• _WHAT IS REQUIRED_: Leave the pictures out. Transcribe exactly every line from the start of the records through the one containing "for name, pattern".

• _SOURCE DATA_:

════

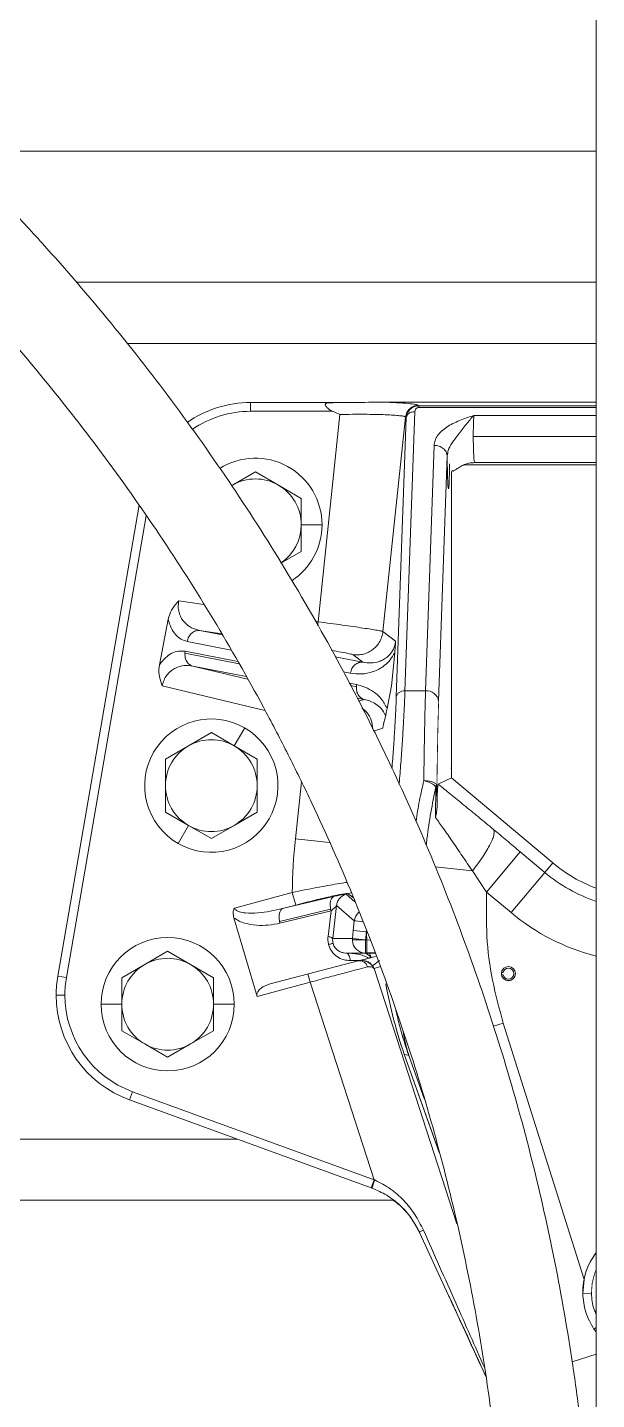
# Model space of a CAD drawing. Header units: millimetres. Extents: x -16985 to -606, y 2122 to 9380.
# Drawn here: x -13523.7 to -13393.5, y 4932.6 to 5246.5 of the extents above; entities that cross this region are included whole.
import ezdxf

# ---------------------------------------------------------------- set-up
doc = ezdxf.new("R2010")
doc.units = ezdxf.units.MM
for name, pattern in [('K5LT32768', [0]), ('K5LT32769', [0]), ('K5LT_THIN', [0])]:
    doc.linetypes.add(name, pattern=pattern)

msp = doc.modelspace()

# ---------------------------------------------------------------- linework, layer by layer
at = {"color": 7, "linetype": 'K5LT_THIN', "lineweight": 18}
for p, q in [((-13393.55, 4760.19), (-13393.55, 5557.22)), ((-13393.55, 5218.19), (-13540.77, 5218.19)), ((-13393.55, 5188.19), (-13512.6, 5188.19)), ((-13452.11, 5160.66), (-13472.64, 5160.66)), ((-13472.64, 5158.66), (-13472.64, 5160.66)), ((-13452.12, 5160.66), (-13452.12, 5160.64)), ((-13442.45, 5160.77), (-13393.55, 5160.77)), ((-13434.23, 5159.93), (-13434.14, 5159.93)), ((-13434.22, 5160.02), (-13434.14, 5159.93)), ((-13393.55, 5159.93), (-13434.14, 5159.93)), ((-13472.64, 5158.66), (-13453.9, 5158.66)), ((-13457.18, 5110.51), (-13452.2, 5157.92)), ((-13452.2, 5157.92), (-13453.9, 5158.66)), ((-13442.36, 5108.3), (-13437.2, 5157.34)), ((-13439.3, 5093.34), (-13437.06, 5157.18)), ((-13435.07, 5158.57), (-13437.32, 5094.73)), ((-13437.06, 5157.18), (-13437.2, 5157.34)), ((-13431.63, 5122.8), (-13430.66, 5150.87)), ((-13427.66, 5148.47), (-13429.61, 5092.34)), ((-13427.74, 5148.79), (-13427.66, 5148.47)), ((-13427.54, 5149.1), (-13427.66, 5148.47)), ((-13471.55, 5144.81), (-13476.8, 5141.78)), ((-13466.3, 5141.78), (-13471.55, 5144.81)), ((-13422.64, 5146.4), (-13393.55, 5146.4)), ((-13461.05, 5138.75), (-13466.3, 5141.78)), ((-13426.64, 5074.79), (-13426.64, 5143.35)), ((-13461.05, 5132.69), (-13461.05, 5138.75)), ((-13498.19, 5137.17), (-13516.79, 5029.48)), ((-13461.05, 5126.62), (-13461.05, 5132.69)), ((-13456.3, 5132.69), (-13461.05, 5132.69)), ((-13465.72, 5123.93), (-13461.05, 5126.62)), ((-13432.61, 5094.73), (-13431.63, 5122.8)), ((-13489.42, 5114.98), (-13489.09, 5115.31)), ((-13489.09, 5115.31), (-13489.16, 5114.94)), ((-13493.53, 5100.69), (-13491.5, 5111.09)), ((-13442.36, 5108.3), (-13439.46, 5106.06)), ((-13439.55, 5105.44), (-13439.46, 5106.06)), ((-13439.46, 5106.06), (-13439.5, 5105.41)), ((-13487.68, 5103.3), (-13487.62, 5103.76)), ((-13446.97, 5101.26), (-13449.21, 5102.99)), ((-13440.41, 5095.9), (-13439.67, 5103.44)), ((-13439.55, 5105.44), (-13439.5, 5105.41)), ((-13492.79, 5096.24), (-13493.05, 5096.3)), ((-13492.87, 5095.88), (-13493.05, 5096.3)), ((-13492.79, 5096.24), (-13492.87, 5095.88)), ((-13448.38, 5096.14), (-13448.44, 5095.67)), ((-13441.42, 5090.7), (-13440.41, 5095.9)), ((-13432.61, 5094.73), (-13437.32, 5094.73)), ((-13481.64, 5085.16), (-13486.89, 5082.13)), ((-13476.39, 5082.13), (-13481.64, 5085.16)), ((-13474.01, 5086.25), (-13476.39, 5082.13)), ((-13486.89, 5082.13), (-13492.14, 5079.1)), ((-13471.14, 5079.1), (-13476.39, 5082.13)), ((-13492.14, 5079.1), (-13492.14, 5073.04)), ((-13471.14, 5073.04), (-13471.14, 5079.1)), ((-13426.64, 5074.79), (-13429.71, 5073.36)), ((-13426.64, 5076.74), (-13426.75, 5077.12)), ((-13426.64, 5074.79), (-13403.49, 5055.37)), ((-13492.14, 5073.04), (-13492.14, 5066.98)), ((-13471.14, 5066.98), (-13471.14, 5073.04)), ((-13430.49, 5073.02), (-13430.23, 5072.73)), ((-13430, 5073.02), (-13430.49, 5073.02)), ((-13430.31, 5065.78), (-13430.23, 5072.73)), ((-13430.23, 5072.73), (-13430, 5073.02)), ((-13430, 5073.02), (-13429.97, 5068.37)), ((-13492.14, 5066.98), (-13486.89, 5063.95)), ((-13476.39, 5063.95), (-13471.14, 5066.98)), ((-13489.26, 5059.83), (-13486.89, 5063.95)), ((-13486.89, 5063.95), (-13481.64, 5060.92)), ((-13481.64, 5060.92), (-13476.39, 5063.95)), ((-13418.63, 5048.71), (-13410.92, 5057.9)), ((-13405.32, 5053.2), (-13410.92, 5057.9)), ((-13418.63, 5048.71), (-13421.89, 5053.53)), ((-13405.32, 5053.2), (-13413.03, 5044.01)), ((-13403.49, 5055.37), (-13405.32, 5053.2)), ((-13476.35, 5045.05), (-13463.11, 5048.6)), ((-13465.35, 5044.9), (-13453.65, 5047.67)), ((-13463.11, 5048.6), (-13462.33, 5045.7)), ((-13413.03, 5044.01), (-13418.63, 5048.71)), ((-13454.34, 5044.78), (-13466.04, 5042)), ((-13454.25, 5044.37), (-13465.95, 5041.6)), ((-13465.35, 5044.9), (-13462.33, 5045.7)), ((-13454.93, 5038.53), (-13454.25, 5044.37)), ((-13454.34, 5044.78), (-13454.25, 5044.37)), ((-13452.98, 5045.61), (-13453.86, 5038.05)), ((-13448.91, 5042.13), (-13452.98, 5045.61)), ((-13471.18, 5024.83), (-13476.49, 5042.84)), ((-13465.95, 5041.6), (-13466.04, 5042)), ((-13448.91, 5042.13), (-13449.14, 5039.89)), ((-13448.91, 5042.13), (-13448.66, 5042.1)), ((-13448.05, 5042.02), (-13448.66, 5042.1)), ((-13447.4, 5041.95), (-13448.05, 5042.02)), ((-13446.94, 5041.9), (-13447.4, 5041.95)), ((-13453.86, 5038.05), (-13453.89, 5037.74)), ((-13453.89, 5037.74), (-13453.79, 5036.96)), ((-13453.86, 5038.05), (-13449.34, 5038.05)), ((-13446.36, 5037.74), (-13449.35, 5037.74)), ((-13449.14, 5039.89), (-13449.34, 5038.05)), ((-13446.36, 5037.74), (-13449.34, 5038.05)), ((-13449.14, 5039.89), (-13446.16, 5039.58)), ((-13446.16, 5039.58), (-13446.36, 5037.74)), ((-13446.36, 5034.74), (-13446.36, 5037.74)), ((-13446.02, 5037.74), (-13446.36, 5037.74)), ((-13491.64, 5035.16), (-13496.89, 5032.13)), ((-13486.39, 5032.13), (-13491.64, 5035.16)), ((-13451.38, 5034.82), (-13450.86, 5034.74)), ((-13450.72, 5034.74), (-13450.86, 5034.74)), ((-13446.36, 5034.74), (-13450.78, 5034.74)), ((-13446.36, 5034.74), (-13446.02, 5034.74)), ((-13446.3, 5034.74), (-13445.14, 5033.87)), ((-13446.02, 5034.86), (-13446.02, 5034.74)), ((-13446.02, 5034.8), (-13444.09, 5034.79)), ((-13446.02, 5034.74), (-13445.42, 5034.74)), ((-13445.42, 5034.74), (-13445.14, 5033.87)), ((-13444.07, 5034.74), (-13445.42, 5034.74)), ((-13445.14, 5033.87), (-13445.08, 5033.69)), ((-13445.07, 5033.7), (-13444.05, 5033.97)), ((-13496.89, 5032.13), (-13502.14, 5029.1)), ((-13481.14, 5029.1), (-13486.39, 5032.13)), ((-13468.15, 5027.71), (-13447.72, 5033.01)), ((-13449.86, 5033.01), (-13447.72, 5033.01)), ((-13445.63, 5033.55), (-13445.46, 5033.6)), ((-13445.46, 5033.6), (-13445.04, 5033.71)), ((-13444.74, 5031.83), (-13443.13, 5033.02)), ((-13514.82, 5029.14), (-13516.79, 5029.48)), ((-13502.14, 5029.1), (-13502.14, 5023.04)), ((-13481.14, 5023.04), (-13481.14, 5029.1)), ((-13459.05, 5028.07), (-13471.18, 5024.83)), ((-13468.2, 5027.69), (-13468.15, 5027.71)), ((-13459.56, 5030), (-13459.05, 5028.07)), ((-13444.37, 4982.9), (-13459.05, 5028.07)), ((-13415.22, 5030.29), (-13414.86, 5030.29)), ((-13415.22, 5029.79), (-13414.86, 5029.79)), ((-13515.16, 5025.14), (-13517.16, 5025.14)), ((-13506.89, 5023.04), (-13502.14, 5023.04)), ((-13502.14, 5023.04), (-13502.14, 5016.98)), ((-13481.14, 5016.98), (-13481.14, 5023.04)), ((-13476.39, 5023.04), (-13481.14, 5023.04)), ((-13414.81, 5018.72), (-13396.34, 4960.12)), ((-13502.14, 5016.98), (-13496.89, 5013.95)), ((-13486.39, 5013.95), (-13481.14, 5016.98)), ((-13496.89, 5013.95), (-13491.64, 5010.92)), ((-13491.64, 5010.92), (-13486.39, 5013.95)), ((-13429.49, 4989.13), (-13437.51, 5011.63)), ((-13437.5, 5011.63), (-13436.43, 5011.28)), ((-13436.43, 5011.28), (-13436.43, 5011.28)), ((-13436.43, 5011.28), (-13436.42, 5011.28)), ((-13500.37, 5001.16), (-13499.68, 5003.04)), ((-13499.68, 5003.04), (-13444.37, 4982.9)), ((-13500.37, 5001.16), (-13445.05, 4981.02)), ((-13444.37, 4982.9), (-13445.05, 4981.02)), ((-13445.05, 4981.03), (-13444.9, 4980.97)), ((-13444.9, 4980.97), (-13444.9, 4980.97)), ((-13444.37, 4982.9), (-13444.23, 4982.84)), ((-13439.97, 4978.19), (-14208.55, 4978.19)), ((-13427.34, 4956.4), (-13434.01, 4970.85)), ((-13434.01, 4970.85), (-13427.33, 4956.39)), ((-13396.64, 4956.9), (-13396.34, 4960.12)), ((-13394.64, 4956.93), (-13396.64, 4956.9)), ((-13394.06, 4948.73), (-13393.55, 4948.14))]:
    msp.add_line(p, q, dxfattribs=at)
at = {"color": 8, "linetype": 'K5LT32768', "lineweight": 15, "true_color": 0x808080}
for p, q in [((-13393.55, 5174.19), (-13500.98, 5174.19)), ((-13434.16, 5159.53), (-13393.55, 5159.53)), ((-13393.55, 5157.72), (-13421.56, 5157.72)), ((-13421.68, 5152.93), (-13393.55, 5152.93)), ((-13421.38, 5146.93), (-13393.55, 5146.93)), ((-13393.55, 5146.41), (-13422.64, 5146.41)), ((-13422.64, 5146.4), (-13422.64, 5146.41)), ((-13496.57, 5134.77), (-13514.82, 5029.14)), ((-13489.09, 5115.31), (-13483.36, 5114.44)), ((-13457.83, 5110.61), (-13457.18, 5110.51)), ((-13457.18, 5110.51), (-13457.31, 5109.68)), ((-13484.33, 5108.52), (-13479.11, 5107.51)), ((-13484.33, 5108.52), (-13479.26, 5107.76)), ((-13475.3, 5100.89), (-13487.68, 5103.3)), ((-13487.62, 5103.76), (-13475.6, 5101.43)), ((-13477.07, 5104.06), (-13487.18, 5106.03)), ((-13473.7, 5098.01), (-13485.91, 5100.38)), ((-13473.34, 5097.37), (-13485.91, 5100.38)), ((-13453.31, 5102.5), (-13446.97, 5101.26)), ((-13449.83, 5098.77), (-13451.41, 5099.07)), ((-13469.39, 5090.26), (-13492.87, 5095.88)), ((-13449.99, 5096.45), (-13448.38, 5096.14)), ((-13448.44, 5095.67), (-13449.73, 5095.92)), ((-13446.67, 5092.75), (-13448.29, 5093.07)), ((-13447.93, 5092.34), (-13446.67, 5092.75)), ((-13442.41, 5086.19), (-13444.5, 5085.51)), ((-13462.4, 5060.85), (-13461.03, 5073.88)), ((-13454.56, 5060.02), (-13462.4, 5060.85)), ((-13421.89, 5053.53), (-13430.43, 5054.43)), ((-13450.78, 5048.2), (-13448.79, 5046.49)), ((-13450.29, 5048.31), (-13449.63, 5048.6)), ((-13449.16, 5047.42), (-13450.29, 5048.31)), ((-13446.16, 5039.94), (-13446.16, 5039.58)), ((-13446.02, 5037.74), (-13446.02, 5034.86)), ((-13446.02, 5037.74), (-13445.25, 5037.67)), ((-13444.4, 5031.2), (-13442.95, 5031.67)), ((-13425.44, 4972.84), (-13444.4, 5031.2)), ((-13417.09, 5018), (-13414.81, 5018.72)), ((-13429.5, 4989.17), (-13437.5, 5011.62)), ((-13436.43, 5011.28), (-13432.86, 5001.25)), ((-13475.72, 4992.19), (-14208.55, 4992.19)), ((-13394.06, 4948.73), (-13393.55, 4949.08)), ((-13393.55, 4942.98), (-13399.07, 4941.24))]:
    msp.add_line(p, q, dxfattribs=at)
at = {"color": 7, "linetype": 'K5LT_THIN', "const_width": 0.18}
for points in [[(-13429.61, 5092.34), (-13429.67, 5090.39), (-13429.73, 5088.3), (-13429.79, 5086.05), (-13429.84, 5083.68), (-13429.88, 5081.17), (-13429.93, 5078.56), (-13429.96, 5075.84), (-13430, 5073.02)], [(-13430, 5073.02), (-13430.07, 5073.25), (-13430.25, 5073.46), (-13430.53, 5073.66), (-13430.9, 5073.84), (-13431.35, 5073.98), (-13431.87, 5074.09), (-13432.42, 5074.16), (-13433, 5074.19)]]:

════

• _SOLUTION BELOW_:
# Model space of a CAD drawing. Header units: millimetres. Extents: x -16985 to -606, y 2122 to 9380.
# Drawn here: x -13523.7 to -13393.5, y 4932.6 to 5246.5 of the extents above; entities that cross this region are included whole.
import ezdxf

# ---------------------------------------------------------------- set-up
doc = ezdxf.new("R2010")
doc.units = ezdxf.units.MM
for name, pattern in [('K5LT32768', [0]), ('K5LT32769', [0]), ('K5LT_THIN', [0])]:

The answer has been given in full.